ENDO 2026: New data adds to evidence for vosoritide in hypochondroplasia

Three-year extension data suggest sustained growth improvements with vosoritide in children with hypochondroplasia, although findings should be interpreted in the context of a small, responder-enriched extension population.

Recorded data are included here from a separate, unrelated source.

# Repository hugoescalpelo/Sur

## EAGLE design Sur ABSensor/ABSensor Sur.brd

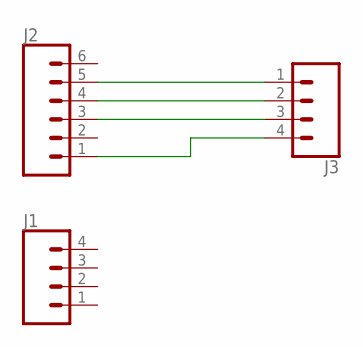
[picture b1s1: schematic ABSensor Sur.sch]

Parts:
J1, J3: CONN_04LONGPADS; 1X04_LONGPADS
J2: CONN_06LONGPADS; 1X06_LONGPADS

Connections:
unnamed: J2.1, J3.4
unnamed: J2.3, J3.3
unnamed: J2.4, J3.2
unnamed: J2.5, J3.1

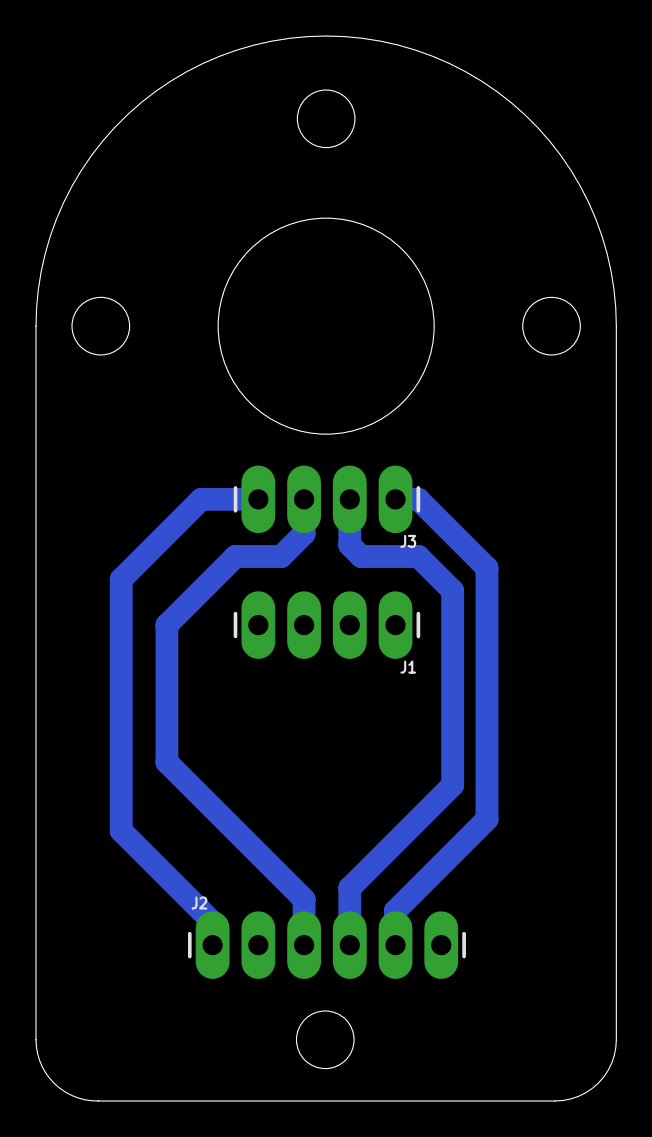
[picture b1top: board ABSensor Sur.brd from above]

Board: 2 copper layers, 32.2 x 59.2 mm, 3 parts (0 on the bottom side), 4 nets.

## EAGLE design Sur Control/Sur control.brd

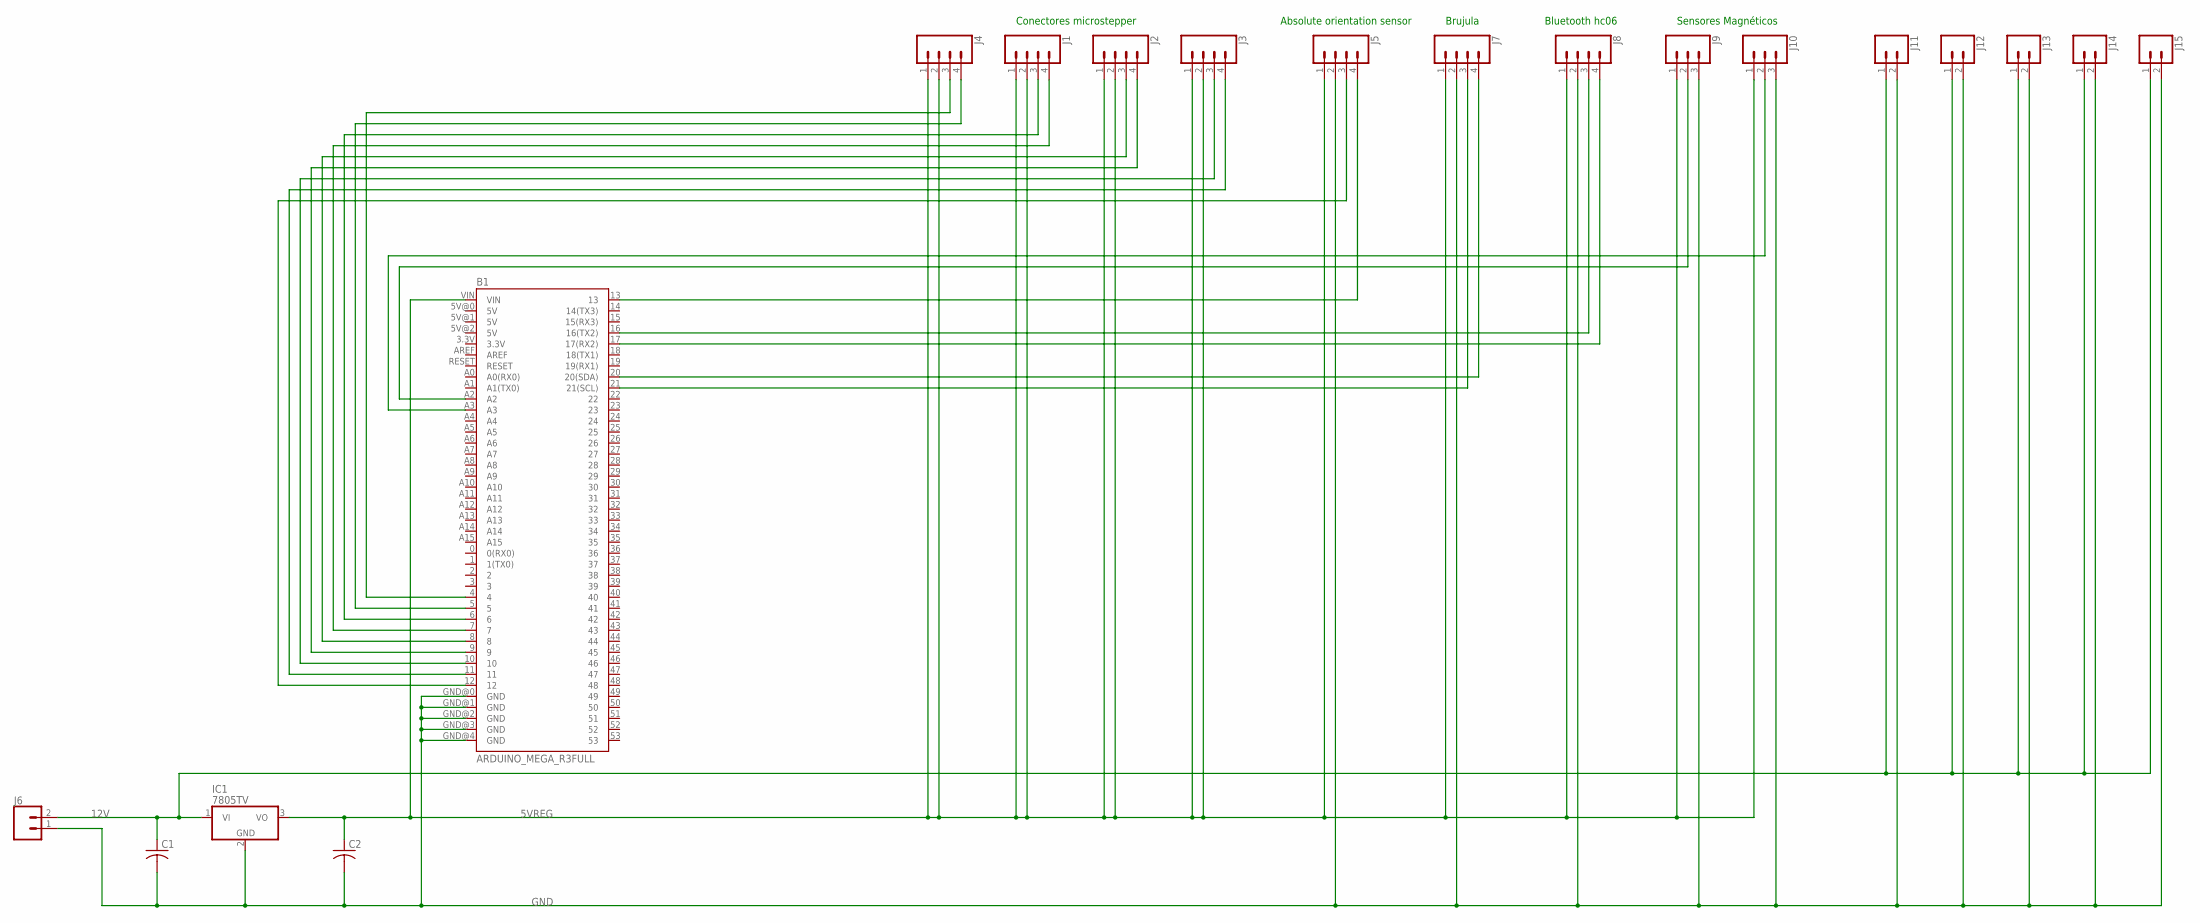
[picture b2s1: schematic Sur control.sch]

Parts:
B1: ARDUINO_MEGA_R3FULL; ARDUINO_MEGA
C1, C2: C-US050-025X075; C050-025X075
IC1: 7805TV; TO220V
J1, J2, J3, J4, J5, J7, J8: CONN_04SCREW_LOCK; SCREWTERMINAL-3.5MM-4_LOCK
J6, J11, J12, J13, J14, J15: CONN_023.5MM_LOCK; SCREWTERMINAL-3.5MM-2_LOCK
J9, J10: CONN_03SCREW_LOCK; SCREWTERMINAL-3.5MM-3_LOCK.007S

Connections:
5VREG: B1.VIN, C2.1, IC1.3 (VO), J1.1, J1.2, J2.1, J2.2, J3.1, J3.2, J4.1, J4.2, J5.1, J7.1, J8.1, J9.1, J10.1
12V: C1.1, IC1.1 (VI), J6.2, J11.1, J12.1, J13.1, J14.1, J15.1
GND: B1.GND@0 (GND), B1.GND@1 (GND), B1.GND@2 (GND), B1.GND@3 (GND), B1.GND@4 (GND), C1.2, C2.2, IC1.2 (GND), J5.2, J6.1, J7.2, J8.2, J9.3, J10.3, J11.2, J12.2, J13.2, J14.2, J15.2
unnamed: B1.21 (21(SCL)), J7.3
unnamed: B1.20 (20(SDA)), J7.4
unnamed: B1.4, J4.3
unnamed: B1.5, J4.4
unnamed: B1.6, J1.3
unnamed: B1.7, J1.4
unnamed: B1.8, J2.3
unnamed: B1.9, J2.4
unnamed: B1.10, J3.3
unnamed: B1.11, J3.4
unnamed: B1.12, J5.3
unnamed: B1.13, J5.4
unnamed: B1.16 (16(TX2)), J8.3
unnamed: B1.17 (17(RX2)), J8.4
unnamed: B1.A2, J9.2
unnamed: B1.A3, J10.2

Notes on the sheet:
Conectores microstepper
Absolute orientation sensor
Bluetooth hc06
Brujula
Sensores Magnéticos

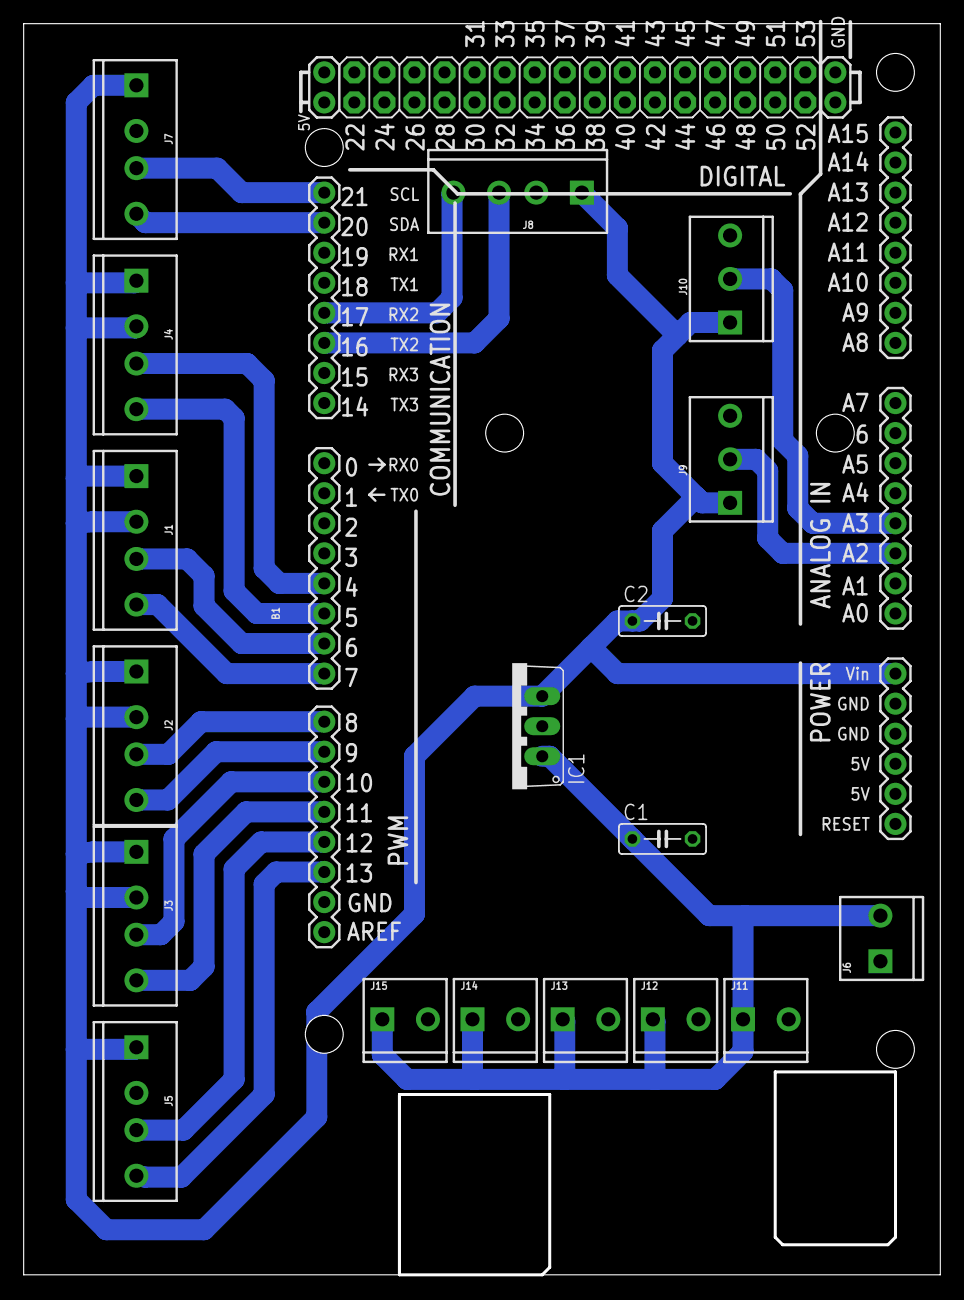
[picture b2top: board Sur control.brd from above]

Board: 2 copper layers, 77.5 x 105.7 mm, 19 parts (0 on the bottom side), 19 nets.

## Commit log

2018-06-25 Some code added
2018-06-28 Firt stepper test
2018-07-03 test a single motor
2018-07-03 L&R motor test added
2018-07-03 Test three motors both directions
2018-07-03 BNO055 sensor code added
    Not tested, but oh boy! it compiles!
2018-07-03 Shortest way sequence coded
    Checks the shortest way to turn the body and set direction and active run flag for all motors
2018-07-03 Continuous movement added
    Iterative on loop asynchronous all motors running sequence
2018-07-03 Pin sensor Added
    Just definition of pins for sensors
2018-07-05 Sensor compass calibration
    Sensor compass calibration sequence adderd. Logic is there but a change detector is needed
2018-07-06 Motor fixes
    Fix some major problems with motor logic. Change direction and pushh pull for reducer steppers
2018-07-09 BT control menu
    Test is pendant
2018-07-17 Sensor lecture tested
    We are in production process, so the machine is working and wired. Some BT and Hall test are done and working. Lots of changes added.
2018-07-18 Compass detection built
2018-07-18 Absolute orientation sensor tested
2018-07-19 MPV done
    Minimum Product Viable finished and tested. Some cool sequences left to be added. I want a speed gradient, maybe Ivan wants tone sounds for the reducers. ABSensor and compass orientation left to be t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
2018-07-19 loose tense tested
2018-07-24 Minor orientation bug fixes
2018-08-02 Changeloge updated
2018-08-13 Sintax fixed

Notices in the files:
parts and their libraries:
SparkFun-Connectors: Licensing: Creative Commons ShareAlike 4.0 International - https://creativecommons.org/licenses/by-sa/4.0

New data presented at ENDO 2026, the Endocrine Society Annual Meeting, provide further insight into the use of vosoritide (Voxzogo®; BioMarin Pharmaceutical Inc., San Rafael, CA, USA) in children with hypochondroplasia.^1,2 Vosoritide is a C-type natriuretic peptide (CNP) analog that promotes growth by inhibiting the ERK1/2-MAPK signaling pathway downstream of FGFR3.²

Hypochondroplasia is a rare genetic skeletal dysplasia associated with impaired bone growth, disproportionate short stature, and skeletal differences that may affect the long bones, spine, and other parts of the skeleton. It can also be associated with otolaryngologic and neurological complications, and there are currently no medicines approved by the FDA or European Medicines Agency for the treatment of hypochondroplasia.¹

The phase 2 study (NCT04219007) included a 6-month observation period followed by 12 months of daily subcutaneous vosoritide 15 μg/kg/day. Twenty-four children completed the core study, and those who achieved an increase in annualized growth velocity (AGV) of >1.6 cm/year compared with the observation period were eligible to enter the extension phase.

Thirteen children, including seven females and 11 with the Asn540Lys variant, entered the extension study and completed 3 years of treatment. At screening, mean age was 5.8 ± 1.1 years and mean height was −3.27 ± 0.71 standard deviation (SD). During the observation period, mean height worsened by −0.09 SD, reaching −3.36 ± 0.64 SD at Day 1 (p=0.01).

Over 3 years of vosoritide treatment, mean height improved by 0.72 SD, reaching −2.64 ± 0.79 SD at Year 3. Mean height gains were 0.44 SD in Year 1 (p<0.001), 0.09 SD in Year 2 (p=0.11), and 0.20 SD in Year 3 (p=0.01). Mean AGV increased from 4.27 ± 0.70 cm/year at Baseline to 7.24 ± 0.80 cm/year at the end of Year 1 (p<0.001). Although AGV decreased slightly in Years 2 and 3, it remained above Baseline at 5.55 ± 1.02 cm/year and 6.13 ± 1.27 cm/year, respectively.

Vosoritide was generally well tolerated, with no treatment-related serious adverse events reported. Injection site reactions were reported in 76.9% of participants during Year 1, decreasing to 23.1% during Years 2 and 3. No participants discontinued therapy during the extension phase.

The findings follow positive topline results from CANOPY-HCH-3, a registration-enabling phase 3 study of vosoritide in children with hypochondroplasia. BioMarin stated that these data are expected to support a supplemental New Drug Application submission to the FDA, planned for the third quarter of 2026.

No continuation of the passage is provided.